* Problem to solve
Repeat the entries below word for word, though any picture in them should be dropped.

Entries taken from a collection
Start of Block
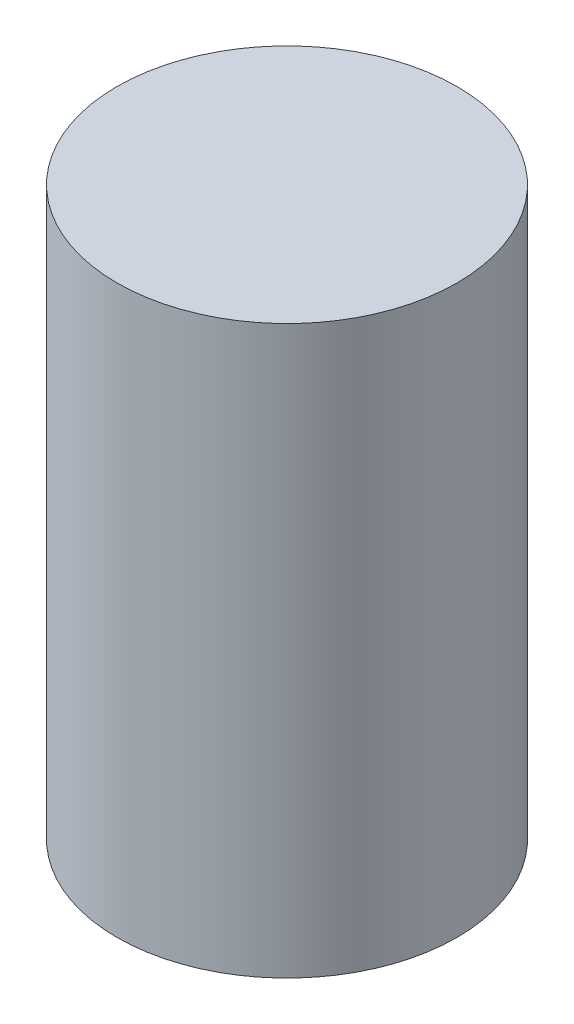
SolidWorks part; units mm, degrees
material "AISI 304"
ref_plane "前视基准面" through (0, 0, 0) normal (0, 0, 1) x (1, 0, 0)
ref_plane "上视基准面" through (0, 0, 0) normal (0, 1, 0) x (1, 0, 0)
ref_plane "右视基准面" through (0, 0, 0) normal (1, 0, 0) x (0, 0, -1)
sketch "草图1" plane through (0, 0, 0) normal (0, 1, 0) x (1, 0, 0)
  circle A0 centre (0, 0) radius 1.5
  dimension "D1" = 3
extrude "凸台-拉伸1" add sketch "草图1" along normal blind 5
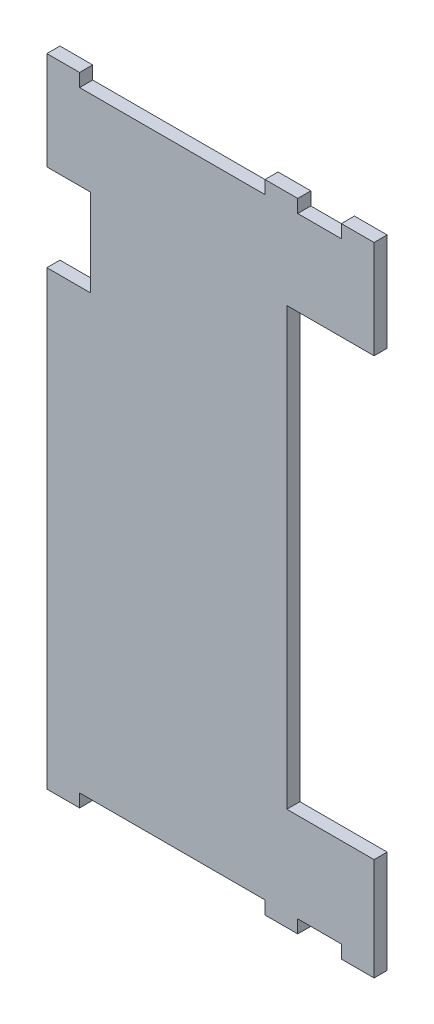
SolidWorks part; units mm, degrees
ref_plane "Plano frontal" through (0, 0, 0) normal (0, 0, 1) x (1, 0, 0)
ref_plane "Plano superior" through (0, 0, 0) normal (0, 1, 0) x (1, 0, 0)
ref_plane "Plano direito" through (0, 0, 0) normal (1, 0, 0) x (0, 0, -1)
sketch "Esboço1" plane through (0, 0, 0) normal (0, 0, 1) x (1, 0, 0)
  line L1 (0, 0) -> (150, 0)
  line L2 (0, 0) -> (0, 292)
  line L3 (0, 292) -> (150, 292)
  line L4 (150, 0) -> (150, 292)
extrude "Ressalto-extrusão1" add sketch "Esboço1" along normal blind 6
sketch "Esboço2" plane through (0, 0, 0) normal (0, 0, -1) x (-1, 0, 0)
  line L0 (-130.3601, 0) -> (-130.3601, 46) construction
  line L1 (0, 0) -> (-150, 0) construction
  line L2 (-133.97, 292) -> (-133.97, 246) construction
  line L3 (-150, 292) -> (0, 292) construction
  line L4 (-150, 0) -> (-150, 292) construction
  line L5 (-150, 247) -> (-110, 247)
  line L6 (-150, 247) -> (-150, 47)
  line L7 (-150, 47) -> (-110, 47)
  line L8 (-110, 247) -> (-110, 47)
extrude "Corte-extrusão1" cut sketch "Esboço2" against normal through all
sketch "Esboço5" plane through (0, 0, 0) normal (0, 0, -1) x (-1, 0, 0)
  line L0 (-150, 290.5586) -> (-135, 290.5586) construction
  line L1 (-150, 247) -> (-150, 292) construction
  line L2 (-150, 292) -> (0, 292) construction
  line L3 (-135, 292) -> (-115, 292)
  line L4 (-135, 292) -> (-135, 286)
  line L5 (-135, 286) -> (-115, 286)
  line L6 (-115, 292) -> (-115, 286)
  line L7 (-115, 288.1251) -> (-100, 288.1251) construction
  line L8 (0, 288.1251) -> (-15, 288.1251) construction
  line L9 (0, 292) -> (0, 0) construction
  line L10 (-150, 3.2132) -> (-135, 3.2132) construction
  line L11 (-100, 292) -> (-15, 292)
  line L12 (-100, 292) -> (-100, 286)
  line L13 (-100, 286) -> (-15, 286)
  line L14 (-15, 292) -> (-15, 286)
  line L15 (-150, 0) -> (-150, 47) construction
  line L16 (0, 0) -> (-150, 0) construction
  line L17 (-135, 0) -> (-115, 0)
  line L18 (-135, 0) -> (-135, 6)
  line L19 (-135, 6) -> (-115, 6)
  line L20 (-115, 0) -> (-115, 6)
  line L21 (-115, 2.5335) -> (-100, 2.5335) construction
  line L22 (0, 2.5335) -> (-15, 2.5335) construction
  line L24 (-100, 0) -> (-15, 0)
  line L25 (-100, 0) -> (-100, 6)
  line L26 (-100, 6) -> (-15, 6)
  line L27 (-15, 0) -> (-15, 6)
extrude "Corte-extrusão2" cut sketch "Esboço5" against normal through all
sketch "Esboço7" plane through (0, 0, 0) normal (0, 0, -1) x (-1, 0, 0)
  line L0 (-110, 247) -> (-20, 247) construction
  line L1 (0, 292) -> (0, 0) construction
  line L2 (0, 247) -> (-20, 247)
  line L3 (0, 247) -> (0, 207)
  line L4 (0, 207) -> (-20, 207)
  line L5 (-20, 247) -> (-20, 207)
extrude "Corte-extrusão3" cut sketch "Esboço7" against normal through all
End of Block
* Solution
SolidWorks part; units mm, degrees
material "AISI 304"
ref_plane "前视基准面" through (0, 0, 0) normal (0, 0, 1) x (1, 0, 0)
ref_plane "上视基准面" through (0, 0, 0) normal (0, 1, 0) x (1, 0, 0)
ref_plane "右视基准面" through (0, 0, 0) normal (1, 0, 0) x (0, 0, -1)
sketch "草图1" plane through (0, 0, 0) normal (0, 1, 0) x (1, 0, 0)
  circle A0 centre (0, 0) radius 1.5
  dimension "D1" = 3
extrude "凸台-拉伸1" add sketch "草图1" along normal blind 5
SolidWorks part; units mm, degrees
ref_plane "Plano frontal" through (0, 0, 0) normal (0, 0, 1) x (1, 0, 0)
ref_plane "Plano superior" through (0, 0, 0) normal (0, 1, 0) x (1, 0, 0)
ref_plane "Plano direito" through (0, 0, 0) normal (1, 0, 0) x (0, 0, -1)
sketch "Esboço1" plane through (0, 0, 0) normal (0, 0, 1) x (1, 0, 0)
  line L1 (0, 0) -> (150, 0)
  line L2 (0, 0) -> (0, 292)
  line L3 (0, 292) -> (150, 292)
  line L4 (150, 0) -> (150, 292)
extrude "Ressalto-extrusão1" add sketch "Esboço1" along normal blind 6
sketch "Esboço2" plane through (0, 0, 0) normal (0, 0, -1) x (-1, 0, 0)
  line L0 (-130.3601, 0) -> (-130.3601, 46) construction
  line L1 (0, 0) -> (-150, 0) construction
  line L2 (-133.97, 292) -> (-133.97, 246) construction
  line L3 (-150, 292) -> (0, 292) construction
  line L4 (-150, 0) -> (-150, 292) construction
  line L5 (-150, 247) -> (-110, 247)
  line L6 (-150, 247) -> (-150, 47)
  line L7 (-150, 47) -> (-110, 47)
  line L8 (-110, 247) -> (-110, 47)
extrude "Corte-extrusão1" cut sketch "Esboço2" against normal through all
sketch "Esboço5" plane through (0, 0, 0) normal (0, 0, -1) x (-1, 0, 0)
  line L0 (-150, 290.5586) -> (-135, 290.5586) construction
  line L1 (-150, 247) -> (-150, 292) construction
  line L2 (-150, 292) -> (0, 292) construction
  line L3 (-135, 292) -> (-115, 292)
  line L4 (-135, 292) -> (-135, 286)
  line L5 (-135, 286) -> (-115, 286)
  line L6 (-115, 292) -> (-115, 286)
  line L7 (-115, 288.1251) -> (-100, 288.1251) construction
  line L8 (0, 288.1251) -> (-15, 288.1251) construction
  line L9 (0, 292) -> (0, 0) construction
  line L10 (-150, 3.2132) -> (-135, 3.2132) construction
  line L11 (-100, 292) -> (-15, 292)
  line L12 (-100, 292) -> (-100, 286)
  line L13 (-100, 286) -> (-15, 286)
  line L14 (-15, 292) -> (-15, 286)
  line L15 (-150, 0) -> (-150, 47) construction
  line L16 (0, 0) -> (-150, 0) construction
  line L17 (-135, 0) -> (-115, 0)
  line L18 (-135, 0) -> (-135, 6)
  line L19 (-135, 6) -> (-115, 6)
  line L20 (-115, 0) -> (-115, 6)
  line L21 (-115, 2.5335) -> (-100, 2.5335) construction
  line L22 (0, 2.5335) -> (-15, 2.5335) construction
  line L24 (-100, 0) -> (-15, 0)
  line L25 (-100, 0) -> (-100, 6)
  line L26 (-100, 6) -> (-15, 6)
  line L27 (-15, 0) -> (-15, 6)
extrude "Corte-extrusão2" cut sketch "Esboço5" against normal through all
sketch "Esboço7" plane through (0, 0, 0) normal (0, 0, -1) x (-1, 0, 0)
  line L0 (-110, 247) -> (-20, 247) construction
  line L1 (0, 292) -> (0, 0) construction
  line L2 (0, 247) -> (-20, 247)
  line L3 (0, 247) -> (0, 207)
  line L4 (0, 207) -> (-20, 207)
  line L5 (-20, 247) -> (-20, 207)
extrude "Corte-extrusão3" cut sketch "Esboço7" against normal through all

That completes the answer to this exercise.